Scarcity of capital! when makers of capital in all its forms are involuntarily
idle. Scarcity of capital, like scarcity of money, is only an expression
for lack of employment. But why should there be any lack of employment while
men have unsatisfied wants which they can reciprocally satisfy?
Too much competition! when competition and freedom are the same. It is not
freedom but restraint, not competition but protection, that obstructs the
action and reaction of demand and supply which we have illustrated in the
chart.
b. Normal Effect of Social Progress upon Wages and Rent
In the foregoing charts the effect of social growth is ignored, it being
assumed that the given expenditure of labor force does not become more productive.93
Let us now try to illustrate that effect, upon the supposition that social
growth increases the productive power of the given expenditure of labor force
as applied to the first closed space, to 100; as applied to the second, to
50; as applied to the third, to 10; as applied to the fourth, to 3, and as
applied to the open space, to 1. 94 If there were no increased demand for
land the chart would then be like this: [chart]

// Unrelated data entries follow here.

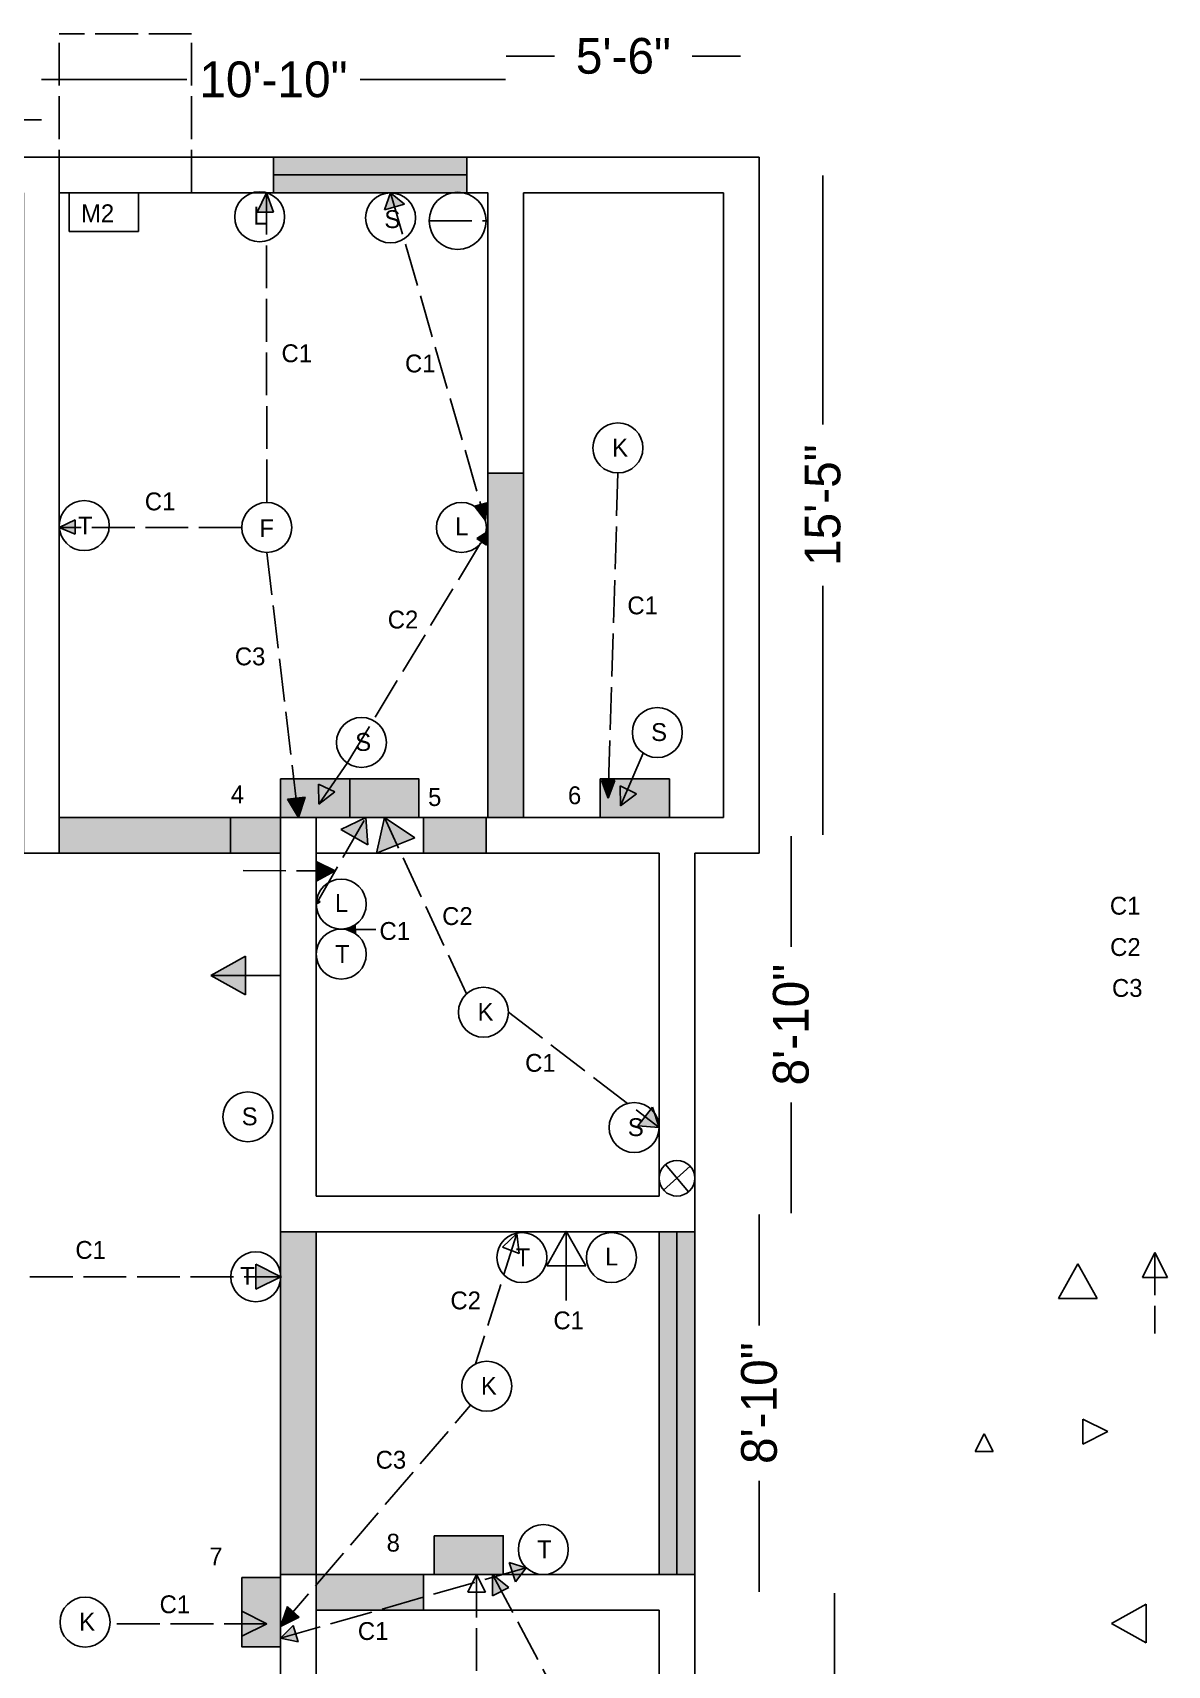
# Model space of a CAD drawing. Header units: feet. Extents: x 437 to 1867, y 198 to 1564.
# Drawn here: x 794.9 to 1112.7, y 664.3 to 1121.6 of the extents above; entities that cross this region are included whole.
import ezdxf

# ---------------------------------------------------------------- set-up
doc = ezdxf.new("R2010")
doc.units = ezdxf.units.FT
doc.header["$MEASUREMENT"] = 0
doc.linetypes.add('ACAD_ISO02W100', pattern=[15, 12, -3])
doc.dimstyles.get("Standard").update_dxf_attribs({"dimtxt": 0.18, "dimasz": 0.18, "dimexe": 0.18, "dimexo": 0.0625, "dimgap": 0.09, "dimtad": 0, "dimtih": 1, "dimtoh": 1, "dimdec": 4, "dimzin": 0, "dimdsep": 46, "dimtxsty": 'Standard', "dimcen": 0.09, "dimadec": 0, "dimazin": 0, "dimtfac": 1, "dimtdec": 4, "dimtofl": 0, "dimtmove": 0, "dimatfit": 3, "dimfxl": 0, "dimtolj": 1, "dimtzin": 0, "dimarcsym": 0})

# ---------------------------------------------------------------- blocks, each defined once
blk = doc.blocks.new('*D3')
at = {"color": 0, "lineweight": -2}
for p, q in [((667.36, 1097.19), (708.1, 1097.19)), ((797.36, 1097.19), (756.62, 1097.19))]:
    blk.add_line(p, q, dxfattribs=at)
at = {"layer": 'Defpoints', "color": 0}
for p in [(797.36, 1097.19), (667.36, 1081.74), (797.36, 1081.74)]:
    blk.add_point(p, dxfattribs=at)
at = {"color": 0, "insert": (732.36, 1097.19), "char_height": 10, "attachment_point": 5}
blk.add_mtext('\\A1;10\'-10"', dxfattribs=at)
blk = doc.blocks.new('_None')
blk = doc.blocks.new('*D4')
at = {"color": 0, "lineweight": -2}
for p, q in [((797.36, 1108.43), (838.1, 1108.43)), ((927.36, 1108.43), (886.62, 1108.43))]:
    blk.add_line(p, q, dxfattribs=at)
at = {"layer": 'Defpoints', "color": 0}
for p in [(927.36, 1108.43), (797.36, 1081.74), (927.36, 1081.74)]:
    blk.add_point(p, dxfattribs=at)
at = {"color": 0, "insert": (862.36, 1108.43), "char_height": 10, "attachment_point": 5}
blk.add_mtext('\\A1;10\'-10"', dxfattribs=at)
blk = doc.blocks.new('*D5')
at = {"color": 0, "lineweight": -2}
for p, q in [((927.54, 1115.01), (941.1, 1115.01)), ((993.18, 1115.01), (979.62, 1115.01))]:
    blk.add_line(p, q, dxfattribs=at)
at = {"color": 0}
for points in [[(927.54, 1115.04), (927.54, 1114.98), (927.36, 1115.01)], [(993.18, 1115.04), (993.18, 1114.98), (993.36, 1115.01)]]:
    blk.add_solid(points, dxfattribs=at)
at = {"layer": 'Defpoints', "color": 0}
for p in [(993.36, 1115.01), (927.36, 1081.74), (993.36, 1081.74)]:
    blk.add_point(p, dxfattribs=at)
at = {"color": 0, "insert": (960.36, 1115.01), "char_height": 10, "attachment_point": 5}
blk.add_mtext('\\A1;5\'-6"', dxfattribs=at)
blk = doc.blocks.new('*D8')
at = {"color": 0, "lineweight": -2}
for p, q in [((1016.19, 1081.56), (1016.19, 1011.83)), ((1016.19, 896.92), (1016.19, 966.65))]:
    blk.add_line(p, q, dxfattribs=at)
at = {"color": 0}
for points in [[(1016.16, 1081.56), (1016.22, 1081.56), (1016.19, 1081.74)], [(1016.16, 896.92), (1016.22, 896.92), (1016.19, 896.74)]]:
    blk.add_solid(points, dxfattribs=at)
at = {"layer": 'Defpoints', "color": 0}
for p in [(993.36, 1081.74), (993.36, 896.74), (1016.19, 896.74)]:
    blk.add_point(p, dxfattribs=at)
at = {"color": 0, "insert": (1016.19, 989.24), "char_height": 10, "attachment_point": 5, "rotation": 90}
blk.add_mtext('\\A1;15\'-5"', dxfattribs=at)
blk = doc.blocks.new('*D9')
at = {"color": 0, "lineweight": -2}
for p, q in [((1007.3, 896.56), (1007.3, 865.5)), ((1007.3, 790.92), (1007.3, 821.99))]:
    blk.add_line(p, q, dxfattribs=at)
at = {"color": 0}
for points in [[(1007.27, 896.56), (1007.33, 896.56), (1007.3, 896.74)], [(1007.27, 790.92), (1007.33, 790.92), (1007.3, 790.74)]]:
    blk.add_solid(points, dxfattribs=at)
at = {"layer": 'Defpoints', "color": 0}
for p in [(975.36, 896.74), (975.36, 790.74), (1007.3, 790.74)]:
    blk.add_point(p, dxfattribs=at)
at = {"color": 0, "insert": (1007.3, 843.74), "char_height": 10, "attachment_point": 5, "rotation": 90}
blk.add_mtext('\\A1;8\'-10"', dxfattribs=at)
blk = doc.blocks.new('*D10')
at = {"color": 0, "lineweight": -2}
for p, q in [((998.39, 790.56), (998.39, 759.5)), ((998.39, 684.92), (998.39, 715.99))]:
    blk.add_line(p, q, dxfattribs=at)
at = {"color": 0}
for points in [[(998.36, 790.56), (998.42, 790.56), (998.39, 790.74)], [(998.36, 684.92), (998.42, 684.92), (998.39, 684.74)]]:
    blk.add_solid(points, dxfattribs=at)
at = {"layer": 'Defpoints', "color": 0}
for p in [(975.36, 790.74), (975.36, 684.74), (998.39, 684.74)]:
    blk.add_point(p, dxfattribs=at)
at = {"color": 0, "insert": (998.39, 737.74), "char_height": 10, "attachment_point": 5, "rotation": 90}
blk.add_mtext('\\A1;8\'-10"', dxfattribs=at)
blk = doc.blocks.new('*D11')
at = {"color": 0, "lineweight": -2}
for p, q in [((1019.45, 684.56), (1019.45, 653.5)), ((1019.45, 578.92), (1019.45, 609.99))]:
    blk.add_line(p, q, dxfattribs=at)
at = {"color": 0}
for points in [[(1019.42, 684.56), (1019.48, 684.56), (1019.45, 684.74)], [(1019.42, 578.92), (1019.48, 578.92), (1019.45, 578.74)]]:
    blk.add_solid(points, dxfattribs=at)
at = {"layer": 'Defpoints', "color": 0}
for p in [(975.36, 684.74), (975.36, 578.74), (1019.45, 578.74)]:
    blk.add_point(p, dxfattribs=at)
at = {"color": 0, "insert": (1019.45, 631.74), "char_height": 10, "attachment_point": 5, "rotation": 90}
blk.add_mtext('\\A1;8\'-10"', dxfattribs=at)

msp = doc.modelspace()

# ---------------------------------------------------------------- hatches: boundary and pattern name
at = {"linetype": 'ACAD_ISO02W100'}
h = msp.add_hatch(color=70, dxfattribs=at)
h.paths.add_polyline_path([(621.5249, 1081.74179), (621.5249, 1086.74179), (592.48437, 1086.74179), (592.48437, 1081.74179)])
h.paths.add_polyline_path([(621.5249, 1076.74179), (621.5249, 1081.74179), (592.48437, 1081.74179), (592.48437, 1076.74179)])
h.paths.add_polyline_path([(751.62853, 1081.74179), (751.62853, 1086.74179), (679.67104, 1086.74179), (679.67104, 1081.74179)])
h.paths.add_polyline_path([(679.67104, 1081.74179), (679.67104, 1076.74179), (703.73667, 1076.74179, -0.00760481), (703.94959, 1076.74179), (729.11631, 1076.74179, -0.137077422), (732.88369, 1076.74179), (751.62853, 1076.74179), (751.62853, 1081.74179)])
h.paths.add_polyline_path([(916.48545, 1081.74179), (916.48545, 1086.74179), (862.35973, 1086.74179), (862.35973, 1081.74179)])
h.paths.add_polyline_path([(862.35973, 1081.74179), (862.35973, 1076.74179), (912.51762, 1076.74179, -0.089970811), (915.37357, 1076.74179), (916.48545, 1076.74179), (916.48545, 1081.74179)])
h.paths.add_polyline_path([(970.35973, 484.28281), (975.35973, 484.28281), (975.35973, 573.74179), (970.35973, 573.74179)])
h.paths.add_polyline_path([(980.35973, 573.74179), (975.35973, 573.74179), (975.35973, 484.28281), (980.35973, 484.28281)])
h.paths.add_polyline_path([(970.35973, 689.74179), (975.35973, 689.74179), (975.35973, 785.74179), (970.35973, 785.74179)])
h.paths.add_polyline_path([(980.35973, 785.74179), (975.35973, 785.74179), (975.35973, 689.74179), (980.35973, 689.74179)])
h.paths.add_polyline_path([(946.05764, 328.74179), (946.05764, 333.74179), (904.08021, 333.74179, -0.000193978), (904.07477, 333.74179), (879.02935, 333.74179), (879.02935, 328.74179)])
h.paths.add_polyline_path([(946.05764, 323.74179), (946.05764, 328.74179), (879.02935, 328.74179), (879.02935, 323.74179)])
h.paths.add_polyline_path([(690.35872, 328.74179), (690.35872, 333.74179), (665.00384, 333.74179, -0.000273873), (664.99617, 333.74179), (617.77501, 333.74179), (617.77501, 328.74179)])
h.paths.add_polyline_path([(617.77501, 328.74179), (617.77501, 323.74179), (690.35872, 323.74179), (690.35872, 328.74179)])
h.paths.add_polyline_path([(567.81732, 328.74179), (567.81732, 333.74179), (502.0231, 333.74179), (502.0231, 328.74179)])
h.paths.add_polyline_path([(502.0231, 328.74179), (502.0231, 323.74179), (567.81732, 323.74179), (567.81732, 328.74179)])
at = {"linetype": 'ACAD_ISO02W100', "true_color": 0x000000}
h = msp.add_hatch(color=18, dxfattribs=at)
h.paths.add_polyline_path([(860.38369, 1076.74179), (857.8014, 1071.32591), (860.39095, 1071.32591)])
h.paths.add_polyline_path([(860.38369, 1076.74179), (860.39095, 1071.32591), (862.39256, 1071.32591)])
h.paths.add_polyline_path([(895.15902, 1076.69902), (893.46297, 1071.99547), (896.29473, 1072.77639)])
h.paths.add_polyline_path([(895.15902, 1076.69902), (896.29473, 1072.77639), (899.02619, 1073.52964)])
h = msp.add_hatch(color=104)
h.paths.add_polyline_path([(580.35973, 643.74179), (590.35973, 643.74179), (590.35973, 749.74179), (580.35973, 749.74179)])
h.paths.add_polyline_path([(746.35973, 633.74179), (746.35973, 643.74179), (698.35973, 643.74179), (698.35973, 633.74179)])
h.paths.add_polyline_path([(590.35973, 841.74179), (590.35973, 831.74179), (626.35973, 831.74179), (626.35973, 841.74179)])
h.paths.add_polyline_path([(662.35973, 841.74179), (672.35973, 841.74179), (672.35973, 901.74179), (662.35973, 901.74179)])
h.paths.add_polyline_path([(792.35973, 891.74179), (792.35973, 901.74179), (728.20886, 901.74179), (728.20886, 891.74179)])
h.paths.add_polyline_path([(850.35973, 891.74179), (850.35973, 901.74179), (802.35973, 901.74179), (802.35973, 891.74179)])
h.paths.add_polyline_path([(864.35973, 891.74179), (864.35973, 901.74179), (850.35973, 901.74179), (850.35973, 891.74179)])
h.paths.add_polyline_path([(904.35973, 901.74179), (904.35973, 891.74179), (921.94081, 891.74179), (921.94081, 901.74179)])
h.paths.add_polyline_path([(922.35974, 901.74179), (932.35974, 901.74179), (932.35974, 949.74179), (932.35973, 949.74179), (932.35973, 998.16887), (922.35974, 998.16887)])
h.paths.add_polyline_path([(874.35973, 785.74179), (864.35973, 785.74179), (864.35973, 689.74179), (874.35973, 689.74179)])
h.paths.add_polyline_path([(874.35973, 689.74179), (874.35973, 679.74179), (904.35973, 679.74179), (904.35973, 689.74179)])
h.paths.add_polyline_path([(834.35973, 573.74179), (834.35973, 583.74179), (756.35973, 583.74179), (756.35973, 573.74179)])
h.paths.add_polyline_path([(826.35973, 477.74179), (816.35973, 477.74179), (816.35973, 447.74179), (816.35973, 434.58812), (826.35973, 434.58812), (826.35973, 447.74179)])
h = msp.add_hatch(color=18, dxfattribs=at)
h.paths.add_polyline_path([(920.42791, 989.42281), (918.72258, 988.92811, -0.184102305), (921.72386, 984.94674)])
h.paths.add_polyline_path([(922.16635, 989.92712), (920.42791, 989.42281), (921.72386, 984.94674)])
h.paths.add_polyline_path([(918.72258, 988.92811), (918.6848, 988.91715), (921.72386, 984.94674, 0.184102305)])
h = msp.add_hatch(color=18, dxfattribs=at)
h.paths.add_polyline_path([(787.08388, 986.35751), (787.28146, 983.5), (792.35973, 983.5)])
h.paths.add_polyline_path([(792.35973, 983.5), (787.28146, 983.5), (787.52738, 979.94355)])
h.paths.add_polyline_path([(806.87906, 983), (802.37761, 983), (806.87906, 981.09755)])
h.paths.add_polyline_path([(806.87906, 985.17645), (802.37761, 983), (806.87906, 983)])
h = msp.add_hatch(color=18, dxfattribs=at)
h.paths.add_polyline_path([(922.35973, 981.87358), (922.35973, 981.87364), (921.55782, 980.55152, -0.065344893), (920.70386, 978.94217), (922.03001, 977.99589)])
h.paths.add_polyline_path([(921.55782, 980.55152, 0.03695681), (921.84683, 981.54366), (919.32859, 979.92351), (920.6186, 979.00301)])
h.paths.add_polyline_path([(922.35973, 981.87364), (921.84683, 981.54366, -0.03695681), (921.55782, 980.55152)], flags=17)
h.paths.add_polyline_path([(921.55782, 980.55152), (920.6186, 979.00301), (920.70386, 978.94217, 0.065344893)])
at = {"true_color": 0x000000}
h = msp.add_hatch(color=18, dxfattribs=at)
h.paths.add_polyline_path([(736.45194, 533.3478), (726.76231, 527.92713), (736.45194, 527.92713)])
h.paths.add_polyline_path([(736.45194, 527.92713), (726.76231, 527.92713), (736.45194, 522.50645)])
h.paths.add_polyline_path([(854.48941, 862.92987), (844.79977, 857.50919), (854.48941, 857.50919)])
h.paths.add_polyline_path([(854.48941, 857.50919), (844.79977, 857.50919), (854.48941, 852.08852)])
h.paths.add_polyline_path([(682.04937, 928.63876), (682.04937, 923.21809), (691.739, 923.21809)])
h.paths.add_polyline_path([(691.739, 923.21809), (682.04937, 923.21809), (682.04937, 917.79741)])
h.paths.add_polyline_path([(943.62032, 564.0667), (938.19965, 564.0667), (943.62032, 554.37706)])
h.paths.add_polyline_path([(949.041, 564.0667), (943.62032, 564.0667), (943.62032, 554.37706)])
at = {"linetype": 'ACAD_ISO02W100'}
h = msp.add_hatch(color=253, dxfattribs=at)
h.paths.add_polyline_path([(727.739, 912.58314), (708.35973, 912.58314), (708.35973, 901.74179), (727.739, 901.74179)])
h.paths.add_polyline_path([(691.739, 891.74179), (672.35973, 891.74179), (672.35973, 880.8468), (691.739, 880.8468)])
h.paths.add_polyline_path([(883.739, 912.58314), (864.35973, 912.58314), (864.35973, 901.74179), (883.739, 901.74179)])
h.paths.add_polyline_path([(903.11827, 912.58314), (883.739, 912.58314), (883.739, 901.74179), (903.11827, 901.74179)])
h.paths.add_polyline_path([(973.25196, 912.58314), (953.87269, 912.58314), (953.87269, 901.74179), (973.25196, 901.74179)])
h.paths.add_polyline_path([(683.20109, 840.74794), (672.35974, 840.74794), (672.35974, 821.36867), (683.20109, 821.36867)])
h.paths.add_polyline_path([(864.35973, 688.87151), (853.52994, 688.87151), (853.52994, 669.49224), (864.35973, 669.49224)])
h.paths.add_polyline_path([(926.7192, 700.58314), (907.33993, 700.58314), (907.33993, 689.74179), (926.7192, 689.74179)])
h.paths.add_polyline_path([(648.44369, 654.58314), (629.06442, 654.58314), (629.06442, 643.74179), (648.44369, 643.74179)])
h.paths.add_polyline_path([(685.08697, 633.74179), (665.7077, 633.74179), (665.7077, 622.99587), (685.08697, 622.99587)])
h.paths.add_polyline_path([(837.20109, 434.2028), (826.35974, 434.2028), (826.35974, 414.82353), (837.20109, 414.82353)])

93. "The effect of increasing population upon the
distribution of wealth is to increase rent .. . in two ways: First, By
lowering the margin of cultivation. Second, By bringing out in land special
capabilities otherwise latent, and by attaching special capabilities
to particular lands.
"I am disposed to think that the latter mode, to
which little attention has been given by political economists, is really
the more important." — Progress and Poverty, book iv, ch.
iii.
"When we have inquired what it is that marks off
land from those material things which we regard as products of the land,
we shall find that the fundamental attribute of land is its extension.
The right to use a piece of land gives command over a certain space — a
certain part of the earth's surface. The area of the earth is fixed;
the geometric relations in which any particular part of it stands to
other parts are fixed. Man has no control over them; they are wholly
unaffected by demand; they have no cost of production; there is no supply
price at which they can be produced.
"The use of a certain area of the earth's surface
is a primary condition of anything that man can do; it gives him room
for his own actions, with the enjoyment of the heat and the light, the
air and the rain which nature assigns to that area; and it determines
his distance from, and in great measure his relations to, other things
and other persons. We shall find that it is this property of land, which,
though as yet insufficient prominence has been given to it, is the ultimate
cause of the distinction which all writers are compelled to make between
land and other things." — Marshall's Prin., book iv, ch. ii,
sec. i.
94. Of course social growth does not go on in this regular
way; the charts are merely illustrative. They are intended to illustrate
the universal fact that as any land becomes a center of trade or other
social relationship its value rises.
Though Rent is now increased, so are Wages. Both benefit by social growth.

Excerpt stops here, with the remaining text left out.